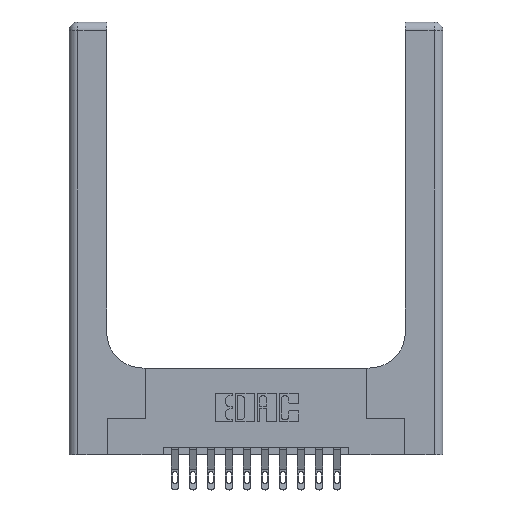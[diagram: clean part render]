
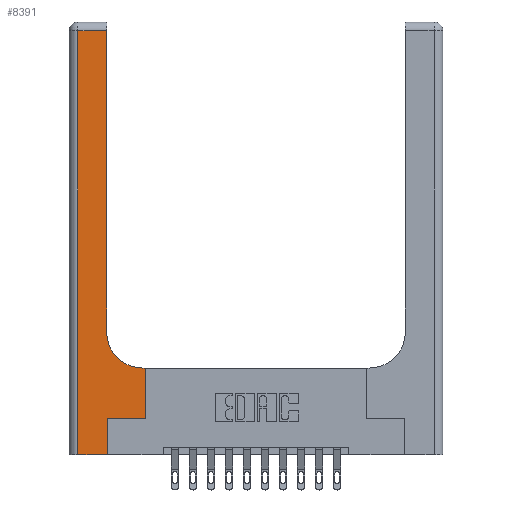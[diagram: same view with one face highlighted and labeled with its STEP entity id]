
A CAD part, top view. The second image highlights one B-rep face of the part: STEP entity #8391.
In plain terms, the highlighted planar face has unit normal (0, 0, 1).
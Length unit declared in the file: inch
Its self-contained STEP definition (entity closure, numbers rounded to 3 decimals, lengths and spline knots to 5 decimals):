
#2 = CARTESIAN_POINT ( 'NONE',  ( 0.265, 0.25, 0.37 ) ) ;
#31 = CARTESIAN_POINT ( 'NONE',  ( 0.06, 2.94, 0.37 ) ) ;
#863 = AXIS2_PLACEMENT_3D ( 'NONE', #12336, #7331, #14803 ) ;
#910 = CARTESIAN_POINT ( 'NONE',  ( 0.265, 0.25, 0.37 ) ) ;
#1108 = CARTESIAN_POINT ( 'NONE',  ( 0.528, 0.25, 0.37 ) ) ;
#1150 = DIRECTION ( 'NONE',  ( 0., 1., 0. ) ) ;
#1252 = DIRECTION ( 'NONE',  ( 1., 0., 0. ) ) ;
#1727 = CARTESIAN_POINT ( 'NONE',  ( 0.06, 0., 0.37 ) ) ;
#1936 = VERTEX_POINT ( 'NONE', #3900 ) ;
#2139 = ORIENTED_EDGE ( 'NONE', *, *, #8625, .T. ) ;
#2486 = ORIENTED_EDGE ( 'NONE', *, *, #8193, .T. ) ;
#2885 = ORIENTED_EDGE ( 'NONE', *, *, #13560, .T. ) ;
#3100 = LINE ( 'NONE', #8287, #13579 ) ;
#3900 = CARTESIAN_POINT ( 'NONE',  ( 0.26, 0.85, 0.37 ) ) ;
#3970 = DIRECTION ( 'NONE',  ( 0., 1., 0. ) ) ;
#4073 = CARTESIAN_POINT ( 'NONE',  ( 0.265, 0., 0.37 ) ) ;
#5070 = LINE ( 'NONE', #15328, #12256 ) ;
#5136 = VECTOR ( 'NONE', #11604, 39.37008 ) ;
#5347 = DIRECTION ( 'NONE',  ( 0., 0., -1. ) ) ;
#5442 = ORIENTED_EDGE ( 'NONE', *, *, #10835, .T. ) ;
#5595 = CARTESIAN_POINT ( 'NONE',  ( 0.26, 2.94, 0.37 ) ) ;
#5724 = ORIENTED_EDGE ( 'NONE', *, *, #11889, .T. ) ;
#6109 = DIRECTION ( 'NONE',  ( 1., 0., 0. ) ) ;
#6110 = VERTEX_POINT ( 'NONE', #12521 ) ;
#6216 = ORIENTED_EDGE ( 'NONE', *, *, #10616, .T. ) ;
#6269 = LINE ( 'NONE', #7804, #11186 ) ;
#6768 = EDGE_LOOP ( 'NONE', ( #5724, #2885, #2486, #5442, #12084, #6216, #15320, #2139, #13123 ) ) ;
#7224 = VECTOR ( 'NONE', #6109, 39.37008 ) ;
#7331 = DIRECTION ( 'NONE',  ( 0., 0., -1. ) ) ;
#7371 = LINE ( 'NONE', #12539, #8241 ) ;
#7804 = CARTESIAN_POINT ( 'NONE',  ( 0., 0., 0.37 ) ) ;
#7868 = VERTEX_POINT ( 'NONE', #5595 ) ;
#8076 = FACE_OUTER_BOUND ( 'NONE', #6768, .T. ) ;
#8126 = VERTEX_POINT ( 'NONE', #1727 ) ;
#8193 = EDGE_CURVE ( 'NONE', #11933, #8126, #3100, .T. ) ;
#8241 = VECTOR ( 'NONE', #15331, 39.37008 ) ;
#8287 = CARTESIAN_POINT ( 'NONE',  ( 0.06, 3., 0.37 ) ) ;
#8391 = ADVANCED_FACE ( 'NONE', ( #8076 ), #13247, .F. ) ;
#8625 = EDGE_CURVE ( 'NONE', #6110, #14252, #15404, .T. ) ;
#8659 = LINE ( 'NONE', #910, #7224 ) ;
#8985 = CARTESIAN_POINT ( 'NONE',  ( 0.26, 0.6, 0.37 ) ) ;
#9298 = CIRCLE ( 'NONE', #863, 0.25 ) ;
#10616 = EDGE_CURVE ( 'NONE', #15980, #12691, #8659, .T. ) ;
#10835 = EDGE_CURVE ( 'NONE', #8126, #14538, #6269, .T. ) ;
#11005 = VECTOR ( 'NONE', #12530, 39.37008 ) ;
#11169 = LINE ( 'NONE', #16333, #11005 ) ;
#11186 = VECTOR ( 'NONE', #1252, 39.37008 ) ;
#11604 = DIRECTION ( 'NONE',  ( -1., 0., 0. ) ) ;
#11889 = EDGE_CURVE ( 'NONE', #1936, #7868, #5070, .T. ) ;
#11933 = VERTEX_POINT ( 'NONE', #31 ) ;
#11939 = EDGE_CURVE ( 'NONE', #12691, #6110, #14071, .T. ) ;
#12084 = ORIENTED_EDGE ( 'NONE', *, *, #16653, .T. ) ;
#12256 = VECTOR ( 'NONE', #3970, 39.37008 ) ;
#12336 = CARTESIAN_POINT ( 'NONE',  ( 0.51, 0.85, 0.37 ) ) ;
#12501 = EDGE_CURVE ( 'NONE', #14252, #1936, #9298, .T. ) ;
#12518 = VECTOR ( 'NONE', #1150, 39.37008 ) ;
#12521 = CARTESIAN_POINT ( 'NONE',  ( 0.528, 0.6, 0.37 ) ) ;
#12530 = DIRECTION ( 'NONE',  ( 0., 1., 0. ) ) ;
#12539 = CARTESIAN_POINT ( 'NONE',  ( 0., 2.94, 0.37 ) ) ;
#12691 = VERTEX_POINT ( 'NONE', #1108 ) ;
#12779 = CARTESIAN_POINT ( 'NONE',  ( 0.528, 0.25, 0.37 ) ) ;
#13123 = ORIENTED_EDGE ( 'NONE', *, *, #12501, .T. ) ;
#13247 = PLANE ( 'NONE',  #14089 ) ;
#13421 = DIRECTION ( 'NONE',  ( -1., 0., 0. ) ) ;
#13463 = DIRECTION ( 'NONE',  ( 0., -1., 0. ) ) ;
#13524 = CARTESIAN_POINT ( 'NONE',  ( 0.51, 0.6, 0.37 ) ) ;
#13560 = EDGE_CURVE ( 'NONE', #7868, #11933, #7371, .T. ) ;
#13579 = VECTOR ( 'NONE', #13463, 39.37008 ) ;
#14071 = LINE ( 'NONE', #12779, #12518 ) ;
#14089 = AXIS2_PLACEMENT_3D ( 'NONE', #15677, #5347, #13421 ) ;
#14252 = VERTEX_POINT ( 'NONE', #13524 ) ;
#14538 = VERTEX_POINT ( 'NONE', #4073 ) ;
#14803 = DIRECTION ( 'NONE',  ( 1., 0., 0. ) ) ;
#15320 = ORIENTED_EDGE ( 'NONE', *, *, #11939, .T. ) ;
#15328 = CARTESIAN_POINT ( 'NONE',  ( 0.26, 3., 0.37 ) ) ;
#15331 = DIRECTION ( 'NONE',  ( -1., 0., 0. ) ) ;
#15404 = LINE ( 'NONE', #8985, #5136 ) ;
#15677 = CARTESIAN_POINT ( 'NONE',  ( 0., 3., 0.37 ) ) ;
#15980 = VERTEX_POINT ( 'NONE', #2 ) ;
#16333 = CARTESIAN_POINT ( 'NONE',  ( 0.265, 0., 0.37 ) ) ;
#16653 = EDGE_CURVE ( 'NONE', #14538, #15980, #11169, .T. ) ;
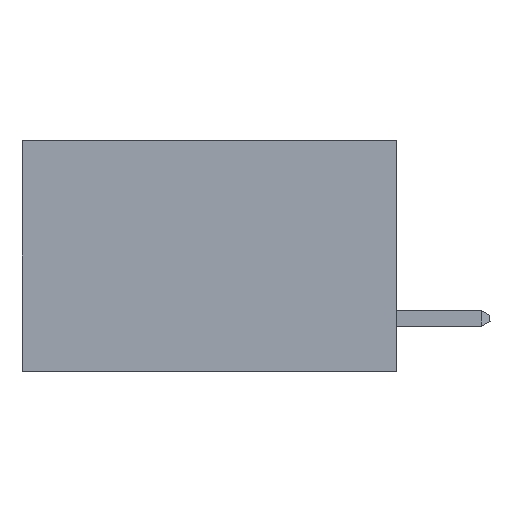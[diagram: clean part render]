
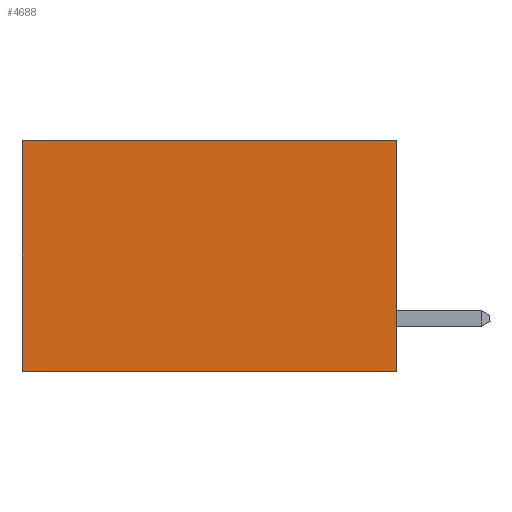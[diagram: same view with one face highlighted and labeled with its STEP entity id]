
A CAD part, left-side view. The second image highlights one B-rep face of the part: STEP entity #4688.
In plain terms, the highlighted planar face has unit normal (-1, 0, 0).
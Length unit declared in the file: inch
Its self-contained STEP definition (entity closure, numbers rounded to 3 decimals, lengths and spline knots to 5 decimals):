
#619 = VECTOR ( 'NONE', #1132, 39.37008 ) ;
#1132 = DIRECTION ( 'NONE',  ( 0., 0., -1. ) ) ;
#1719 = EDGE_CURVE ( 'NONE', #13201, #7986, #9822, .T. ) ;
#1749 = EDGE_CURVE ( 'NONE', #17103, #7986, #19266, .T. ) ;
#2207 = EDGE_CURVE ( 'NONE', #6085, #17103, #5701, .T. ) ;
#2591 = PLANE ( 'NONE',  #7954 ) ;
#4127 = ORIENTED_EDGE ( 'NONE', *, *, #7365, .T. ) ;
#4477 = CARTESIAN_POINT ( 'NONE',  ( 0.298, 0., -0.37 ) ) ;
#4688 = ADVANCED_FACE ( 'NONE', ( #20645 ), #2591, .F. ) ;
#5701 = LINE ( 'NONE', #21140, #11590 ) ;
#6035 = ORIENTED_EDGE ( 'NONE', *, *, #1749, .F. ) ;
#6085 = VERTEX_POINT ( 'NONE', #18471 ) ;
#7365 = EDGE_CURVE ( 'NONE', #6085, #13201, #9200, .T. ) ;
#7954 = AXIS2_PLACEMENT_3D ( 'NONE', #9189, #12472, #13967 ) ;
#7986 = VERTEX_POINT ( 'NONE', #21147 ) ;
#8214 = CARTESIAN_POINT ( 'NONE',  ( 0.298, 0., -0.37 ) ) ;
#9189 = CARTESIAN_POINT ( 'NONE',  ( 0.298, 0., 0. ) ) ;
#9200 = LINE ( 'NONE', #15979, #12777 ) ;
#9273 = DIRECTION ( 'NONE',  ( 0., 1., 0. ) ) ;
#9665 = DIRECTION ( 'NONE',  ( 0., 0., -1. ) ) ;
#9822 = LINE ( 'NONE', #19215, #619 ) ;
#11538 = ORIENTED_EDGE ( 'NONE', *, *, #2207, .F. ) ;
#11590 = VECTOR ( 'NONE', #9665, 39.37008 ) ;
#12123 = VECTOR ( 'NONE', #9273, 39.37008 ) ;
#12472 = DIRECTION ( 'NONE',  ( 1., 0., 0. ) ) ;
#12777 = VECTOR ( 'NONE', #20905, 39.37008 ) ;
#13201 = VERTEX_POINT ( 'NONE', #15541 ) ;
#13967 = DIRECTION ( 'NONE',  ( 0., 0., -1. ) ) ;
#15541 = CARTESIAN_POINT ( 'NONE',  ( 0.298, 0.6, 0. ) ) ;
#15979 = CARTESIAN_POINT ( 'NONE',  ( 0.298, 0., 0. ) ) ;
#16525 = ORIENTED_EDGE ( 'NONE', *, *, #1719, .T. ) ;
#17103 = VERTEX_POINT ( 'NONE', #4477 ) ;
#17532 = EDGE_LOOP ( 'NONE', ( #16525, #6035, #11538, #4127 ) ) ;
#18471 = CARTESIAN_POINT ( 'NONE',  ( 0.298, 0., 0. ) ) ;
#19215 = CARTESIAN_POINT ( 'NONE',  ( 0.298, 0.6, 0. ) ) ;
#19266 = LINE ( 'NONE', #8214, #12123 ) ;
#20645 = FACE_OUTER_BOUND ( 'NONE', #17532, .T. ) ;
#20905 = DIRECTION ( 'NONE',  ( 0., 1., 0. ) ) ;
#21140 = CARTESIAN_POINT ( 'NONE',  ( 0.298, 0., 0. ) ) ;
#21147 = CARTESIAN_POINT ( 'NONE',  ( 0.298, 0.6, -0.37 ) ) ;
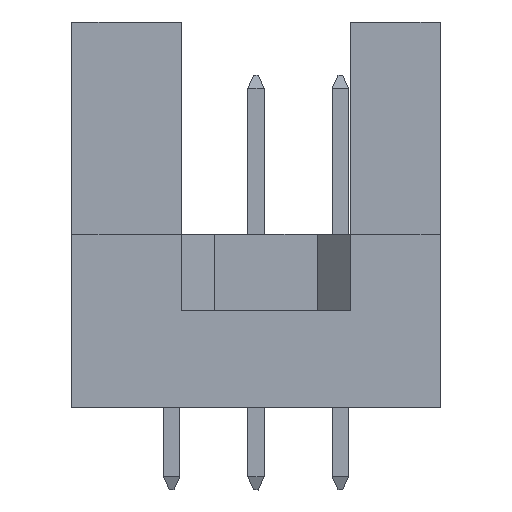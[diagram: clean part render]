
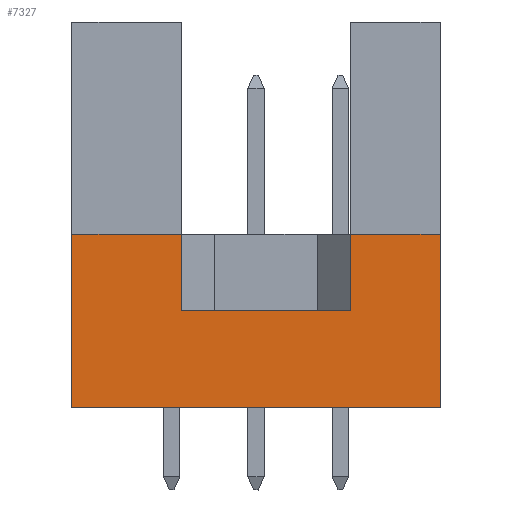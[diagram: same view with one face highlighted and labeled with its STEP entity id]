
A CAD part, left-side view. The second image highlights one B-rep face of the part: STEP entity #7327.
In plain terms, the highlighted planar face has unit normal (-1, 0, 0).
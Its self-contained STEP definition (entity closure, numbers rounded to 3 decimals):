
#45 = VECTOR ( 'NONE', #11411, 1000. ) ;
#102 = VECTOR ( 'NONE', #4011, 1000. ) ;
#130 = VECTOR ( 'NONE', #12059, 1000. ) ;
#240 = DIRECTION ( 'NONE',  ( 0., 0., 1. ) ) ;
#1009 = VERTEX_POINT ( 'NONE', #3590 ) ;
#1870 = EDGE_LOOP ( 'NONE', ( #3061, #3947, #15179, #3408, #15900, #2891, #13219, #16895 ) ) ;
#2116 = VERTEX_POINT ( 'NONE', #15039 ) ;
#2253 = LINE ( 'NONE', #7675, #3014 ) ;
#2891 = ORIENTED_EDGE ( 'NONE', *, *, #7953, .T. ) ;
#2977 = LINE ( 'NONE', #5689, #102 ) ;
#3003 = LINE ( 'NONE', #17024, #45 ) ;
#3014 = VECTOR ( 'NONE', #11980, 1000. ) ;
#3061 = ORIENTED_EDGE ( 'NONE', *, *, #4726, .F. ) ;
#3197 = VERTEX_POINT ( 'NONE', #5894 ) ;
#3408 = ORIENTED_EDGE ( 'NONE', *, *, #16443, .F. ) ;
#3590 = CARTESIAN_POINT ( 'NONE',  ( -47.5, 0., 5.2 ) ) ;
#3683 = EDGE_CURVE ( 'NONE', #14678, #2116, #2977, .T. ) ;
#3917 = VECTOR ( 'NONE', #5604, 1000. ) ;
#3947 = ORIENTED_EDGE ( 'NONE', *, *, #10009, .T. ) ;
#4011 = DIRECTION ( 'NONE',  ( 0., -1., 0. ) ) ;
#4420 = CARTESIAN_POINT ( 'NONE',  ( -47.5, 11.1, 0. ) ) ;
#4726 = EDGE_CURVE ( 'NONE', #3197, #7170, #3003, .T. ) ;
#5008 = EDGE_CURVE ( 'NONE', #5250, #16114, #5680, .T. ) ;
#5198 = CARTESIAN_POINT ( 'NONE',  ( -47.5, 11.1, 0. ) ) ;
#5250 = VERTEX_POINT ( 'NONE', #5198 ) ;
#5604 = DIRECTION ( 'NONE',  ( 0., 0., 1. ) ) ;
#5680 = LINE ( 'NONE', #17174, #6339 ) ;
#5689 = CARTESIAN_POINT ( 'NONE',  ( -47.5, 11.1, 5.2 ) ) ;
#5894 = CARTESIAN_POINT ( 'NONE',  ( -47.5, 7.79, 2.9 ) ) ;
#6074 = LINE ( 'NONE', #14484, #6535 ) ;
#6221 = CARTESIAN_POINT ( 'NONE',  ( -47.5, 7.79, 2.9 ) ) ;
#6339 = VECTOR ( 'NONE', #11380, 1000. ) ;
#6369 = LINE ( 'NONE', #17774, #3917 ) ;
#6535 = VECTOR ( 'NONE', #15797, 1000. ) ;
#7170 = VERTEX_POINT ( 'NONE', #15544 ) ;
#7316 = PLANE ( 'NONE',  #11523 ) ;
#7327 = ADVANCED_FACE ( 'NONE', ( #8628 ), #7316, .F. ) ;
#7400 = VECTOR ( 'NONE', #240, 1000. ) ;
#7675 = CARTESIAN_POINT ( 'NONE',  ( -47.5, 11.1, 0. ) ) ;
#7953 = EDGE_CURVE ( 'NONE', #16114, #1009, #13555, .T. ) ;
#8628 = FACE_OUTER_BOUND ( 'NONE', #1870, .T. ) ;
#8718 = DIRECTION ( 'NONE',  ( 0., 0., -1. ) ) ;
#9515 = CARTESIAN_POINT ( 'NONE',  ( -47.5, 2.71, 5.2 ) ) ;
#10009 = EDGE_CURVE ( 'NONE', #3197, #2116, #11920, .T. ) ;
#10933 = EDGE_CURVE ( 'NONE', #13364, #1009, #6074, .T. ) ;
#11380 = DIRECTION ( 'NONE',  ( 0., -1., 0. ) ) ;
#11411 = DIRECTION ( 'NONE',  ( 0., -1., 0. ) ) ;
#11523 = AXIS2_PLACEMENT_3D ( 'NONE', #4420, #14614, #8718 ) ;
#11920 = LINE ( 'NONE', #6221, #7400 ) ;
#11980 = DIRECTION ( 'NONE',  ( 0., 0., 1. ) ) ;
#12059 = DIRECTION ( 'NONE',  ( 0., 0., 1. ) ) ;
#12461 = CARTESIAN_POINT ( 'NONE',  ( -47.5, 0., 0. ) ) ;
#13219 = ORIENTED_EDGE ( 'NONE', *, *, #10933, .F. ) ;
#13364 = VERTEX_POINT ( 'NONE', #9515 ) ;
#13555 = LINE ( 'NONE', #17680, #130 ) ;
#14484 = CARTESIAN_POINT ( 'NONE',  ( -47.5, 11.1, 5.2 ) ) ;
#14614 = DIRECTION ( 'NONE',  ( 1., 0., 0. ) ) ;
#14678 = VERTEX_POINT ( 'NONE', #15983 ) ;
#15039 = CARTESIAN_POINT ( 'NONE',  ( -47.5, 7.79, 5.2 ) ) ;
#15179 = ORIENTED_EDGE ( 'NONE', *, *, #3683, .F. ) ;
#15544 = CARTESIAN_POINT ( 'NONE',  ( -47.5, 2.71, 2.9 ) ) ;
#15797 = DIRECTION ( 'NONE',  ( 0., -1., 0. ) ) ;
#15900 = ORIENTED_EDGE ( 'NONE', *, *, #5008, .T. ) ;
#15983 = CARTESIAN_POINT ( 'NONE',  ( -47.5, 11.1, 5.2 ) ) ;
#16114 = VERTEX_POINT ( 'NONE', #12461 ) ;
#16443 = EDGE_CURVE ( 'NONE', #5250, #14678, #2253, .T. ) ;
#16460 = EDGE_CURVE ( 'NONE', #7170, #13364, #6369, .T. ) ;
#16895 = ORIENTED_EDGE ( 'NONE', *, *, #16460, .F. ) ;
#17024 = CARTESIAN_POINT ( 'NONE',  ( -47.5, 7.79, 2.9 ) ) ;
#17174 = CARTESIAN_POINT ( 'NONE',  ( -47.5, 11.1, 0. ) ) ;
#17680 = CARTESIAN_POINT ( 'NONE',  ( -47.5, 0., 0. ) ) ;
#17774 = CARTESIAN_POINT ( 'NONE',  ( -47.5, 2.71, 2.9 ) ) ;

● ● ● ● ●

Using the entries above, give again exactly the lines from the line holding "#11933 = VERTEX_POINT ( 'NONE', #31 ) ;" through the line holding "#14803 = DIRECTION". Include both end lines and nothing else.

#11933 = VERTEX_POINT ( 'NONE', #31 ) ;
#11939 = EDGE_CURVE ( 'NONE', #12691, #6110, #14071, .T. ) ;
#12084 = ORIENTED_EDGE ( 'NONE', *, *, #16653, .T. ) ;
#12256 = VECTOR ( 'NONE', #3970, 39.37008 ) ;
#12336 = CARTESIAN_POINT ( 'NONE',  ( 0.51, 0.85, 0.37 ) ) ;
#12501 = EDGE_CURVE ( 'NONE', #14252, #1936, #9298, .T. ) ;
#12518 = VECTOR ( 'NONE', #1150, 39.37008 ) ;
#12521 = CARTESIAN_POINT ( 'NONE',  ( 0.528, 0.6, 0.37 ) ) ;
#12530 = DIRECTION ( 'NONE',  ( 0., 1., 0. ) ) ;
#12539 = CARTESIAN_POINT ( 'NONE',  ( 0., 2.94, 0.37 ) ) ;
#12691 = VERTEX_POINT ( 'NONE', #1108 ) ;
#12779 = CARTESIAN_POINT ( 'NONE',  ( 0.528, 0.25, 0.37 ) ) ;
#13123 = ORIENTED_EDGE ( 'NONE', *, *, #12501, .T. ) ;
#13247 = PLANE ( 'NONE',  #14089 ) ;
#13421 = DIRECTION ( 'NONE',  ( -1., 0., 0. ) ) ;
#13463 = DIRECTION ( 'NONE',  ( 0., -1., 0. ) ) ;
#13524 = CARTESIAN_POINT ( 'NONE',  ( 0.51, 0.6, 0.37 ) ) ;
#13560 = EDGE_CURVE ( 'NONE', #7868, #11933, #7371, .T. ) ;
#13579 = VECTOR ( 'NONE', #13463, 39.37008 ) ;
#14071 = LINE ( 'NONE', #12779, #12518 ) ;
#14089 = AXIS2_PLACEMENT_3D ( 'NONE', #15677, #5347, #13421 ) ;
#14252 = VERTEX_POINT ( 'NONE', #13524 ) ;
#14538 = VERTEX_POINT ( 'NONE', #4073 ) ;
#14803 = DIRECTION ( 'NONE',  ( 1., 0., 0. ) ) ;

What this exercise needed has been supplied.